==== Data shown ====

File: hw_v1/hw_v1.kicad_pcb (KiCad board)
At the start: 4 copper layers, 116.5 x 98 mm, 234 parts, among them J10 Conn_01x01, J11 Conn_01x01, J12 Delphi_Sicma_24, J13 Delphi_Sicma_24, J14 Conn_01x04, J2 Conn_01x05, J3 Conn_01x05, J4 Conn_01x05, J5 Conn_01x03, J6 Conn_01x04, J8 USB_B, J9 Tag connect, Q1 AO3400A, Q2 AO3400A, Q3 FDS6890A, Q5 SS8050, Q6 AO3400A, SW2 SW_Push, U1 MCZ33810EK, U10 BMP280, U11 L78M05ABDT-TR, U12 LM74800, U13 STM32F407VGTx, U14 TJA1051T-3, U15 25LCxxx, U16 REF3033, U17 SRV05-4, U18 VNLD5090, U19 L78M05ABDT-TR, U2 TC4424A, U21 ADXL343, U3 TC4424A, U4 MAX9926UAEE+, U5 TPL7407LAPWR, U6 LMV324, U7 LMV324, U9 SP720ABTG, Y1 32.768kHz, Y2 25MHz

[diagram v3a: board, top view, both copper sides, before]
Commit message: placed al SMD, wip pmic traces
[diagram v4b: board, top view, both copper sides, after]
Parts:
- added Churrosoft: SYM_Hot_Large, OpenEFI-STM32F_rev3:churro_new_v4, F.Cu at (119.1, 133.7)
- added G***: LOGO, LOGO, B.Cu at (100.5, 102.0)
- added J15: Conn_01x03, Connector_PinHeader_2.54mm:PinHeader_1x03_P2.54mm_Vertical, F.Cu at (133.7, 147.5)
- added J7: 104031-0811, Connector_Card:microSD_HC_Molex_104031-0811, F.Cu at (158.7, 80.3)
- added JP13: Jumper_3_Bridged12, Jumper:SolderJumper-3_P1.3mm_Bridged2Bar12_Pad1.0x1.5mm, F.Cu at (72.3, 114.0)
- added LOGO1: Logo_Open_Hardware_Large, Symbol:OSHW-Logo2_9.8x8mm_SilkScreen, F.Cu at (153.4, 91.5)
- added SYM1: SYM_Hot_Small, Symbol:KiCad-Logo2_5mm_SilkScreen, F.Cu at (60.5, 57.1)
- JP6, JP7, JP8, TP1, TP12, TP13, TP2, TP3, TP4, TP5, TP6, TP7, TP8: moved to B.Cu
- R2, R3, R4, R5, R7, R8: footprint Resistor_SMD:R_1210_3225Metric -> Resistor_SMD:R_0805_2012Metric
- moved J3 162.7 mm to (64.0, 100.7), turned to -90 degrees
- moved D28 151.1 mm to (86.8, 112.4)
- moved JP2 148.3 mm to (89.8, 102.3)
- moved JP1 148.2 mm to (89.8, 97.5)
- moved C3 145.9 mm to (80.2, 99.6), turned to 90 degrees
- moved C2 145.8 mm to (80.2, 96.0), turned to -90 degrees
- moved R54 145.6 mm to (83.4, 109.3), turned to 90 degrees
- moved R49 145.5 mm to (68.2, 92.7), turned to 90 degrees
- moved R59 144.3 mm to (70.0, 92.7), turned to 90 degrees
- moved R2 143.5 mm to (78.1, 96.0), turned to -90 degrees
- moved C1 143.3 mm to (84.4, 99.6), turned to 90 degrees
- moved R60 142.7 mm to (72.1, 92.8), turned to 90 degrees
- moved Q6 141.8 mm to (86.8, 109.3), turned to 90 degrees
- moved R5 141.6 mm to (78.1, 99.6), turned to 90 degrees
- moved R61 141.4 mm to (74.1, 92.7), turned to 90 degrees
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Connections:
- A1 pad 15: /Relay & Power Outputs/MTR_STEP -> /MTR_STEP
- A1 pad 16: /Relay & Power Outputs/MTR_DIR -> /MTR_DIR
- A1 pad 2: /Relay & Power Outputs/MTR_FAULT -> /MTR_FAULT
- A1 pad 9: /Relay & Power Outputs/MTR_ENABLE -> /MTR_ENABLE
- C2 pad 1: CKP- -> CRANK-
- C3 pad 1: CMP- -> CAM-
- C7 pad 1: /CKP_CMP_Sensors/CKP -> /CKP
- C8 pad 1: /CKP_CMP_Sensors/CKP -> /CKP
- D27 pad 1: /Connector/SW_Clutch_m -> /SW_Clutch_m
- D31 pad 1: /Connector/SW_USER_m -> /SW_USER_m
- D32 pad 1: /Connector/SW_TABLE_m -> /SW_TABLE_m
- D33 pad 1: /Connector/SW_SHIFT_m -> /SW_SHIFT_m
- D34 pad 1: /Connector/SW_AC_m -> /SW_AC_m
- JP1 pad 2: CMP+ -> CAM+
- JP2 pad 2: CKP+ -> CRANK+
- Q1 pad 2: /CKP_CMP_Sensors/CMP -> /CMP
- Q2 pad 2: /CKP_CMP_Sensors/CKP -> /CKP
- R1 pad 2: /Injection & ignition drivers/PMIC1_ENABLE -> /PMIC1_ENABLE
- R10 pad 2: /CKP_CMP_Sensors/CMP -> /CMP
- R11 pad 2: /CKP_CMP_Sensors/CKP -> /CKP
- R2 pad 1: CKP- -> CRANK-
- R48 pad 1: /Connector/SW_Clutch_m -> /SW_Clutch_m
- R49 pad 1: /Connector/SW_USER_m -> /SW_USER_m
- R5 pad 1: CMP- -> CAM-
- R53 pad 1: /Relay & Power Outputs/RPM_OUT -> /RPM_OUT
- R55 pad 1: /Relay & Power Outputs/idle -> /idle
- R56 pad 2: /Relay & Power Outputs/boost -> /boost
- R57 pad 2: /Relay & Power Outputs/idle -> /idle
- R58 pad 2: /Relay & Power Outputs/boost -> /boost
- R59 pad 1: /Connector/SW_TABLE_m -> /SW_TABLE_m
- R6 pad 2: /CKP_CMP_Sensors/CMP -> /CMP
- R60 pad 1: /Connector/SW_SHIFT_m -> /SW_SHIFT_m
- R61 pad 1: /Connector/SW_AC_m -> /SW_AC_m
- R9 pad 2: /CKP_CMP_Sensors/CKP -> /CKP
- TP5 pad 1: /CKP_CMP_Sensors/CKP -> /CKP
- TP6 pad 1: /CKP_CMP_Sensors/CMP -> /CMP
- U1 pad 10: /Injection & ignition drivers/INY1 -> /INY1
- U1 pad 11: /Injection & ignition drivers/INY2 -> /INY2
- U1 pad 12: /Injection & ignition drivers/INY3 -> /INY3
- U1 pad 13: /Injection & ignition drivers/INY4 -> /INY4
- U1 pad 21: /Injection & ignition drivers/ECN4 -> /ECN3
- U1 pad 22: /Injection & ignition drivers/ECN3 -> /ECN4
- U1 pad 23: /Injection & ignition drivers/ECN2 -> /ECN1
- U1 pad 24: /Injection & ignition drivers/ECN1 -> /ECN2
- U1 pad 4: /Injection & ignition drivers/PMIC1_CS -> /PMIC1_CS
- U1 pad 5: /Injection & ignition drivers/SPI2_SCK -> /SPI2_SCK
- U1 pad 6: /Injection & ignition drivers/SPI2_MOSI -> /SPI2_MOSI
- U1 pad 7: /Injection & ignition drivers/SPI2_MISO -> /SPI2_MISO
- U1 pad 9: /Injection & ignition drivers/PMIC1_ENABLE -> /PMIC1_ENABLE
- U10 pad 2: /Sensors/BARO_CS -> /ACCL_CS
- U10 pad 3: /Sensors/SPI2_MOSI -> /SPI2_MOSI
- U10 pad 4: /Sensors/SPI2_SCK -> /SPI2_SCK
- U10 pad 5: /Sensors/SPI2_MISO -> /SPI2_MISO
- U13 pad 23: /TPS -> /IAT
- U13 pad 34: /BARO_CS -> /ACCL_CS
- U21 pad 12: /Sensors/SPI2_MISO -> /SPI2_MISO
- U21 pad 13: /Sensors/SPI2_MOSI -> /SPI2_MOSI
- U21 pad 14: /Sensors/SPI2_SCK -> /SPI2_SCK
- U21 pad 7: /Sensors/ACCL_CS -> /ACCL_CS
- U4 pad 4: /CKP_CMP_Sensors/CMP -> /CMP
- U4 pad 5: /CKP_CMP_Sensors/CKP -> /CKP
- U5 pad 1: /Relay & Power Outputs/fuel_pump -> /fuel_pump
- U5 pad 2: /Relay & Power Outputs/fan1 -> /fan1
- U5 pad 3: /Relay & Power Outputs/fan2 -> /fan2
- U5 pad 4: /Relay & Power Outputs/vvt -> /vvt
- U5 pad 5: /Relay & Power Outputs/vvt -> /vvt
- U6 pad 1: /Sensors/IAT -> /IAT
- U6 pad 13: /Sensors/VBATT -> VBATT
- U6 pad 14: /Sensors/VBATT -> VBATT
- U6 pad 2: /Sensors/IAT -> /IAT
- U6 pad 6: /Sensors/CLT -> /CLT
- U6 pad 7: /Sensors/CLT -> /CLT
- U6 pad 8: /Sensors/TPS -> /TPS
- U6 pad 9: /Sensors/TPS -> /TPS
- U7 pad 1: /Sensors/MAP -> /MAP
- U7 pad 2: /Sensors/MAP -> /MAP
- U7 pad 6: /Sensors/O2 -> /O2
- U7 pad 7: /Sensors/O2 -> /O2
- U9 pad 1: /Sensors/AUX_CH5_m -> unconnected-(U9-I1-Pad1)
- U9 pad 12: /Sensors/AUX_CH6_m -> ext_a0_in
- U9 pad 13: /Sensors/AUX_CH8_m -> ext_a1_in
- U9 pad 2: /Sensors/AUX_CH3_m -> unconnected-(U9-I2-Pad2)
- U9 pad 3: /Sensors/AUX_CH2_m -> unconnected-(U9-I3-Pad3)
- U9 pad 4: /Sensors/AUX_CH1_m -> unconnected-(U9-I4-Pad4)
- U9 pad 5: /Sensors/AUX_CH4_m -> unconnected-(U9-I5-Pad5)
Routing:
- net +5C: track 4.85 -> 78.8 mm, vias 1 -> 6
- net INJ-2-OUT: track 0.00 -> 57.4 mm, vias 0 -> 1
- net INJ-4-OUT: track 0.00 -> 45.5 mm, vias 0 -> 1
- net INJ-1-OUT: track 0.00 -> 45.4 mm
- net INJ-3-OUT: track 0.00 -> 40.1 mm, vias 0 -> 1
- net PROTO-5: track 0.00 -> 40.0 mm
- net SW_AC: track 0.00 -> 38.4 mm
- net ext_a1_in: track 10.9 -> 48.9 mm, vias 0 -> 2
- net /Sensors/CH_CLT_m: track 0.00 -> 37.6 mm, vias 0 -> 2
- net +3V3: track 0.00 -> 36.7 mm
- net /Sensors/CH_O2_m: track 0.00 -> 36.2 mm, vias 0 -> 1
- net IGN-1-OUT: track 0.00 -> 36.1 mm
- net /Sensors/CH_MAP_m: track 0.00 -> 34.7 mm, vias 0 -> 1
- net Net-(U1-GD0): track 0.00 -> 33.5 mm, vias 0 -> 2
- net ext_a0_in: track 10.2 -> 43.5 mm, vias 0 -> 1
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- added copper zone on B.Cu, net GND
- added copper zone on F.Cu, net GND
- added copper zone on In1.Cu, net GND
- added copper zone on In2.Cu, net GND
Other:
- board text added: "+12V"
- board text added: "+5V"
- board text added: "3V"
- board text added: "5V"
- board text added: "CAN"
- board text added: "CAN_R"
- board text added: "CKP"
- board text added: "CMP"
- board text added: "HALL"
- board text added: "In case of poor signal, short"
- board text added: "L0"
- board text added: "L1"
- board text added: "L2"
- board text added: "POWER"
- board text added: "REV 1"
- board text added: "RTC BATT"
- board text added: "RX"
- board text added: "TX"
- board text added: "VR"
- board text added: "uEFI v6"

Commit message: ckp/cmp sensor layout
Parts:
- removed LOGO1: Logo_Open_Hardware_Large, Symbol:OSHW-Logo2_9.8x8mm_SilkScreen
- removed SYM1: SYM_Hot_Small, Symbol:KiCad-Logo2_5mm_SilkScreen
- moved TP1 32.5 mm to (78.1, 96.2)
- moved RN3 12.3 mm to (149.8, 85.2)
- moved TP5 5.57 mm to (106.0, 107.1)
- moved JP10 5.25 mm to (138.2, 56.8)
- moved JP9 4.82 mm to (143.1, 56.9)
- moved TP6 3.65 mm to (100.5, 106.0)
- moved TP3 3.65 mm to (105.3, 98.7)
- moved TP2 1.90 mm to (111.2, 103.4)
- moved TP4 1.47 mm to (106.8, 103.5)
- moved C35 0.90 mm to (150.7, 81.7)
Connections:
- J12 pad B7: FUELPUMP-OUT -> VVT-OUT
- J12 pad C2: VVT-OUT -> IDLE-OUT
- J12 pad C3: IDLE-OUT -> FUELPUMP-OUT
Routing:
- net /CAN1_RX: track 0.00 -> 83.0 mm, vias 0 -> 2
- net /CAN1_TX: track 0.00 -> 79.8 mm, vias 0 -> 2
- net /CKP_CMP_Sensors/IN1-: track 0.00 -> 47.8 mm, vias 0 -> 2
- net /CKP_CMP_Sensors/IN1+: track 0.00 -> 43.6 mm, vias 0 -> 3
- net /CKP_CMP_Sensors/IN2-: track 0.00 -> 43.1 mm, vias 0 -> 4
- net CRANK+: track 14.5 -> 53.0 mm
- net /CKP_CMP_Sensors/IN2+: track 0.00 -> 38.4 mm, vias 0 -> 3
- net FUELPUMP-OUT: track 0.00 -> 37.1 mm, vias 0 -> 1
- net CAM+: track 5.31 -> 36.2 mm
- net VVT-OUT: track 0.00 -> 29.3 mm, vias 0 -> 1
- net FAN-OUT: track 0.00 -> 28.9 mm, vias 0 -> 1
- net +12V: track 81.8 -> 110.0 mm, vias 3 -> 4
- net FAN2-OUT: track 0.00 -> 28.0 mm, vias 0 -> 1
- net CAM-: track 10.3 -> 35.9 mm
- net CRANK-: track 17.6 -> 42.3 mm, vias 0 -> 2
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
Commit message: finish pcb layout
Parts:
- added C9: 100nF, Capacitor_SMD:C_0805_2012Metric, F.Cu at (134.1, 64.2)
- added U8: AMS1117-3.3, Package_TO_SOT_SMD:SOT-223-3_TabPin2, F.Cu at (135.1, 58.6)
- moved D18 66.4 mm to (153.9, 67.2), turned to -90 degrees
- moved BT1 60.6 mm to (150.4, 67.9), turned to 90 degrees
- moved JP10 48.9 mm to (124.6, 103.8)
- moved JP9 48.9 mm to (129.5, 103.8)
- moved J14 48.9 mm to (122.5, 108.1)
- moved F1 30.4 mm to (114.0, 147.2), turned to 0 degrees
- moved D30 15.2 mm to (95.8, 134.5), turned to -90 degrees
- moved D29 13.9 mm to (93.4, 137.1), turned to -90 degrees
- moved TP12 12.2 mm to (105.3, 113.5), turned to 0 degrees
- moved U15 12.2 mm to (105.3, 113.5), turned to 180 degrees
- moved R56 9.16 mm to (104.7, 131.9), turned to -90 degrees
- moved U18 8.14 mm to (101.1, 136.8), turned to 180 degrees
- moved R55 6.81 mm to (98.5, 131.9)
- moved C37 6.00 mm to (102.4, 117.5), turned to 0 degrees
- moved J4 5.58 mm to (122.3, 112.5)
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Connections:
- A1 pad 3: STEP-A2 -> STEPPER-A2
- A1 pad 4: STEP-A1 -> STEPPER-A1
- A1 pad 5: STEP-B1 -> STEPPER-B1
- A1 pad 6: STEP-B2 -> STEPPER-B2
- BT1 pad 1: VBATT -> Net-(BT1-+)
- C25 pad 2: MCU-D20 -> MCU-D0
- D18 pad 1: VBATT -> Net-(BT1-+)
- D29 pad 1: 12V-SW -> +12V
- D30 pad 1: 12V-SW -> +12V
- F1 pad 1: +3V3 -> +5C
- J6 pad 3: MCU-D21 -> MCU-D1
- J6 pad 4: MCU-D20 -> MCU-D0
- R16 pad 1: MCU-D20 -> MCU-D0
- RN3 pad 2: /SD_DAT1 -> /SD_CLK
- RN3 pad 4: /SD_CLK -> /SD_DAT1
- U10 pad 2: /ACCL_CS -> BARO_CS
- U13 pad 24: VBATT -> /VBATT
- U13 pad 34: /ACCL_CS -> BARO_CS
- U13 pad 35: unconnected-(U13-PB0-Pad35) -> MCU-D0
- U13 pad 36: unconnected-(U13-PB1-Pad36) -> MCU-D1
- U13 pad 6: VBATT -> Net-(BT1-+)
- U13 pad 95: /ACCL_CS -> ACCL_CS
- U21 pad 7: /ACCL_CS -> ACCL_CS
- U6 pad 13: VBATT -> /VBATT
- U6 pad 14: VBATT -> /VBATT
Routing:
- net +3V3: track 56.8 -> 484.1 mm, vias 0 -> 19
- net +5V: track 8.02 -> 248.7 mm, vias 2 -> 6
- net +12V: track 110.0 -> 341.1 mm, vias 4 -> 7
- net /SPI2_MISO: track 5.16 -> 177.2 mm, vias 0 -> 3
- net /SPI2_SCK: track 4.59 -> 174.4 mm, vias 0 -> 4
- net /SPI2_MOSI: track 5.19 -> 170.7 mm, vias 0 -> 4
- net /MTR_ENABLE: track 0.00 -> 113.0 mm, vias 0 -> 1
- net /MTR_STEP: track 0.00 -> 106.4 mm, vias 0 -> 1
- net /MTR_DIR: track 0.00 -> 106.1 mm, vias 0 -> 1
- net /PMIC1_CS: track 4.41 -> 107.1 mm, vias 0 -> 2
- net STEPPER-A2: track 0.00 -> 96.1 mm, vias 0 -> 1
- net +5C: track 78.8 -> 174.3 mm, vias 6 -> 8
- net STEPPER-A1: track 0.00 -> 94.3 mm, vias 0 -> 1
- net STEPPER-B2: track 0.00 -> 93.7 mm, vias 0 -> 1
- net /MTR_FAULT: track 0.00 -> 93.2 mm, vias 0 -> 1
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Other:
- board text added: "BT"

====

Your assignment
Give back the records above exactly, limited to the lines between the one holding "- RN3 pad 2: /SD_DAT1 -> /SD_CLK" and the one holding "- net +5C: track 78.8", inclusive.

Exercise response
- RN3 pad 2: /SD_DAT1 -> /SD_CLK
- RN3 pad 4: /SD_CLK -> /SD_DAT1
- U10 pad 2: /ACCL_CS -> BARO_CS
- U13 pad 24: VBATT -> /VBATT
- U13 pad 34: /ACCL_CS -> BARO_CS
- U13 pad 35: unconnected-(U13-PB0-Pad35) -> MCU-D0
- U13 pad 36: unconnected-(U13-PB1-Pad36) -> MCU-D1
- U13 pad 6: VBATT -> Net-(BT1-+)
- U13 pad 95: /ACCL_CS -> ACCL_CS
- U21 pad 7: /ACCL_CS -> ACCL_CS
- U6 pad 13: VBATT -> /VBATT
- U6 pad 14: VBATT -> /VBATT
Routing:
- net +3V3: track 56.8 -> 484.1 mm, vias 0 -> 19
- net +5V: track 8.02 -> 248.7 mm, vias 2 -> 6
- net +12V: track 110.0 -> 341.1 mm, vias 4 -> 7
- net /SPI2_MISO: track 5.16 -> 177.2 mm, vias 0 -> 3
- net /SPI2_SCK: track 4.59 -> 174.4 mm, vias 0 -> 4
- net /SPI2_MOSI: track 5.19 -> 170.7 mm, vias 0 -> 4
- net /MTR_ENABLE: track 0.00 -> 113.0 mm, vias 0 -> 1
- net /MTR_STEP: track 0.00 -> 106.4 mm, vias 0 -> 1
- net /MTR_DIR: track 0.00 -> 106.1 mm, vias 0 -> 1
- net /PMIC1_CS: track 4.41 -> 107.1 mm, vias 0 -> 2
- net STEPPER-A2: track 0.00 -> 96.1 mm, vias 0 -> 1
- net +5C: track 78.8 -> 174.3 mm, vias 6 -> 8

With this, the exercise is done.